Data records

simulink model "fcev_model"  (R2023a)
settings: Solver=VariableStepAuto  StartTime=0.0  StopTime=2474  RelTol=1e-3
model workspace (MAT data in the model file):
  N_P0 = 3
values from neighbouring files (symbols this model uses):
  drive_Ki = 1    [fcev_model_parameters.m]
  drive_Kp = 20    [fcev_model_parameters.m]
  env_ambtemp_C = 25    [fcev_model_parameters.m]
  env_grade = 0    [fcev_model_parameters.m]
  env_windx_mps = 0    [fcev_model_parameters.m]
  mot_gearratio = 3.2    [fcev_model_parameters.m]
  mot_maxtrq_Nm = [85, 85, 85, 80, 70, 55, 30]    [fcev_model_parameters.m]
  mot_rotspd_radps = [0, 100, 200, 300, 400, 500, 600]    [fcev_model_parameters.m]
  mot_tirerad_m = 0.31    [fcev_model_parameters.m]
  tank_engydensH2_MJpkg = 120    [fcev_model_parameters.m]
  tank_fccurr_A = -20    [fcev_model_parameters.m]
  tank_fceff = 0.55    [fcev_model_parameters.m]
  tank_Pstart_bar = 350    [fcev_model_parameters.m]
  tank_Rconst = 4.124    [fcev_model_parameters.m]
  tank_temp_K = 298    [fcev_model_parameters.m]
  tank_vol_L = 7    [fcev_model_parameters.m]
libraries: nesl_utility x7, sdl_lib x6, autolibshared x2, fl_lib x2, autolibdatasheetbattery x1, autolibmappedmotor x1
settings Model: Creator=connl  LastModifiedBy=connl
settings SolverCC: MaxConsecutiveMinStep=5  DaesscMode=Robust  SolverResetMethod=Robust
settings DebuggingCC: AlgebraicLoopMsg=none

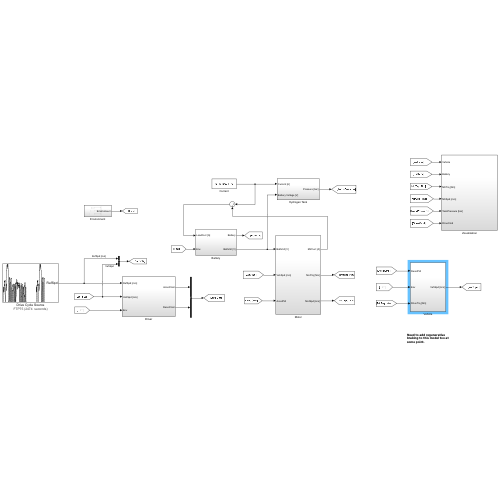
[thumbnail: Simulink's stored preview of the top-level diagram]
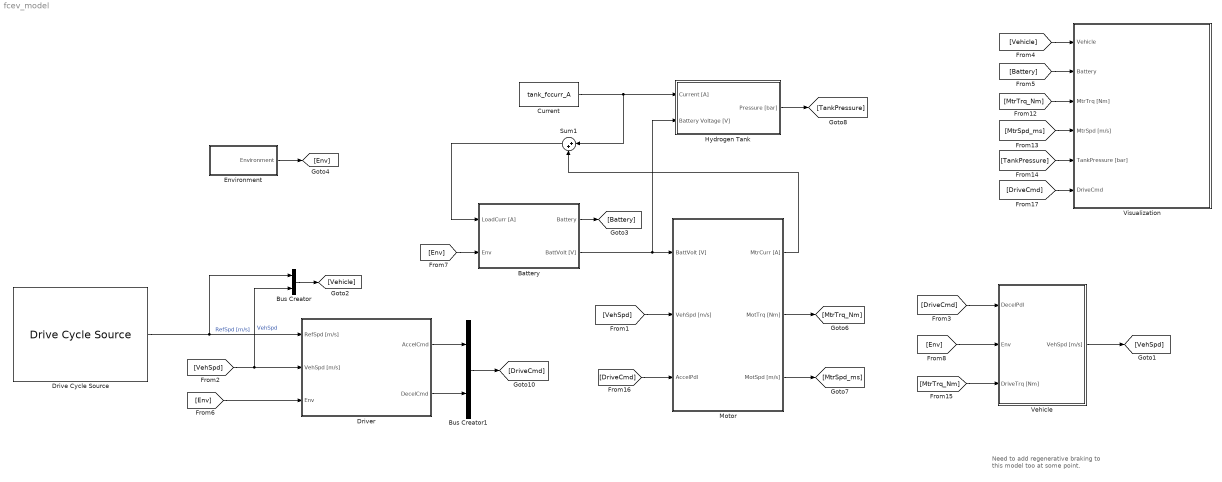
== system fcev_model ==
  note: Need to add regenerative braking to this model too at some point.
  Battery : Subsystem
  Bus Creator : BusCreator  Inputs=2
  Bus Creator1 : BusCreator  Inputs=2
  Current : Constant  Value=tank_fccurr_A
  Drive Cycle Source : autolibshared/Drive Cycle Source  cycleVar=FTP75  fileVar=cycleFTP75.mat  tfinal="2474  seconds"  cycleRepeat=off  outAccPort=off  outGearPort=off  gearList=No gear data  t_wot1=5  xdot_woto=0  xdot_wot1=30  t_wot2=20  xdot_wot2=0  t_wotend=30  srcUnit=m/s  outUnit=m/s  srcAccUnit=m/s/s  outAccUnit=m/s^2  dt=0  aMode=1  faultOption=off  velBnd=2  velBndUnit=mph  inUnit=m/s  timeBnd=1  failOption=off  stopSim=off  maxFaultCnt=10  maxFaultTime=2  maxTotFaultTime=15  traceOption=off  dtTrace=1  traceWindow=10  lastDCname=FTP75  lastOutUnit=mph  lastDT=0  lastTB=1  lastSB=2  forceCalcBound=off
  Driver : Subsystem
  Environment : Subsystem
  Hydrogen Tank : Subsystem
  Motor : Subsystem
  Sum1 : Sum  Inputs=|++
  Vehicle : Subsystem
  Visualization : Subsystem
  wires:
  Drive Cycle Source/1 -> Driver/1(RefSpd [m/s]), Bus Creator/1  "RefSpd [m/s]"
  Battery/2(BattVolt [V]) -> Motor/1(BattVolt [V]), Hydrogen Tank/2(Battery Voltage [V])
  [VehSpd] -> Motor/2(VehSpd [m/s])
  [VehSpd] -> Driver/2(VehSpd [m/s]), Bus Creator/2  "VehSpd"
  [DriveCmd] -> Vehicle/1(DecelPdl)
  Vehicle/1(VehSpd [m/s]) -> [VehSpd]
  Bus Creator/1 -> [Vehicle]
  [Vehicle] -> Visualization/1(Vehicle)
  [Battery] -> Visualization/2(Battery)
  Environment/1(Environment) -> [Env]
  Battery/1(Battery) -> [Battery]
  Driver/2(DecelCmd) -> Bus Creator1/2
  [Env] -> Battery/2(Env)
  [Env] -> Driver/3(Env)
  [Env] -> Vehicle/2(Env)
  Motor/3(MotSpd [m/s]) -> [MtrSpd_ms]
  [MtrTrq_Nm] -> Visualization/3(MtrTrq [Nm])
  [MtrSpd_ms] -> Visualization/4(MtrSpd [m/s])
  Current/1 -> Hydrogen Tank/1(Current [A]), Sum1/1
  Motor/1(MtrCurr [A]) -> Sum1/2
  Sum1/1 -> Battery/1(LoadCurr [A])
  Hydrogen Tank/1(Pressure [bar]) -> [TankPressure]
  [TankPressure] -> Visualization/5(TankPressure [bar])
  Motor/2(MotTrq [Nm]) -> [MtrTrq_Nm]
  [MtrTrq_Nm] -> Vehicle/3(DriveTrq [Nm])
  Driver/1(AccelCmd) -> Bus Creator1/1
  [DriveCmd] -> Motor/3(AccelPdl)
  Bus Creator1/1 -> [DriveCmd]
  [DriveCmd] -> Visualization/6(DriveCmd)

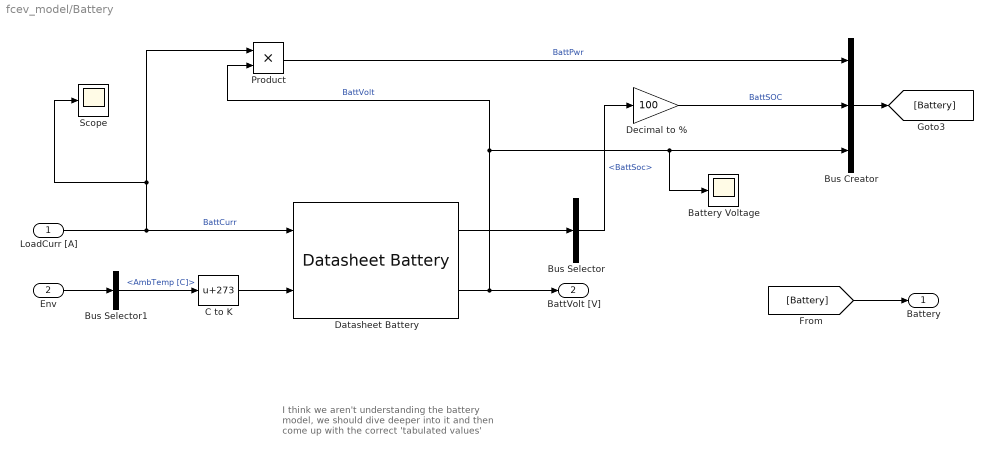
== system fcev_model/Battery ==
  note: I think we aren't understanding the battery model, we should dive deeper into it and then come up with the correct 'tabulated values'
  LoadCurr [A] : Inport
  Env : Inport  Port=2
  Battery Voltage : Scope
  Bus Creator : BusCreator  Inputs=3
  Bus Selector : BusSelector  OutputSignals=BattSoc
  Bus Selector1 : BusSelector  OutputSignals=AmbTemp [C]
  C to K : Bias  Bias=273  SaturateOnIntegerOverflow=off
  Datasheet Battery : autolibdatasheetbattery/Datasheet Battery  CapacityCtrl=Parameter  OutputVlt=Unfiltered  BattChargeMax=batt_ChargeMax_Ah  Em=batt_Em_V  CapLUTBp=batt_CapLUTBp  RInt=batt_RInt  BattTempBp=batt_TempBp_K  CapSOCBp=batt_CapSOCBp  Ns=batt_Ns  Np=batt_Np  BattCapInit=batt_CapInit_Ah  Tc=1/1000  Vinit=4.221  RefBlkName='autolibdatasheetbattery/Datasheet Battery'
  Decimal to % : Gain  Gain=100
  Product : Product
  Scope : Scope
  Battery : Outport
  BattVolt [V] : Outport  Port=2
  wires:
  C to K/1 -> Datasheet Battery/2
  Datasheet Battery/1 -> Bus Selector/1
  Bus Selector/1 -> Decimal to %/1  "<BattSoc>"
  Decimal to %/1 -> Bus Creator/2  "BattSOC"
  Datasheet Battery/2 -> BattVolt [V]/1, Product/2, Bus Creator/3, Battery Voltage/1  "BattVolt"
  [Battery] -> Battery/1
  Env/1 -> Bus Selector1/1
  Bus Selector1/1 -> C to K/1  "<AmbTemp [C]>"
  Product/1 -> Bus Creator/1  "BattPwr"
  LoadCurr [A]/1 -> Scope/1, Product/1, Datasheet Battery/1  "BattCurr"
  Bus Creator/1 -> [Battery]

PROBLEM DESCRIPTION: Where a line above includes "BattVolt", copy that line.

RESPONSE TO THIS EXERCISE:
  Battery/2(BattVolt [V]) -> Motor/1(BattVolt [V]), Hydrogen Tank/2(Battery Voltage [V])
  BattVolt [V] : Outport  Port=2
  Datasheet Battery/2 -> BattVolt [V]/1, Product/2, Bus Creator/3, Battery Voltage/1  "BattVolt"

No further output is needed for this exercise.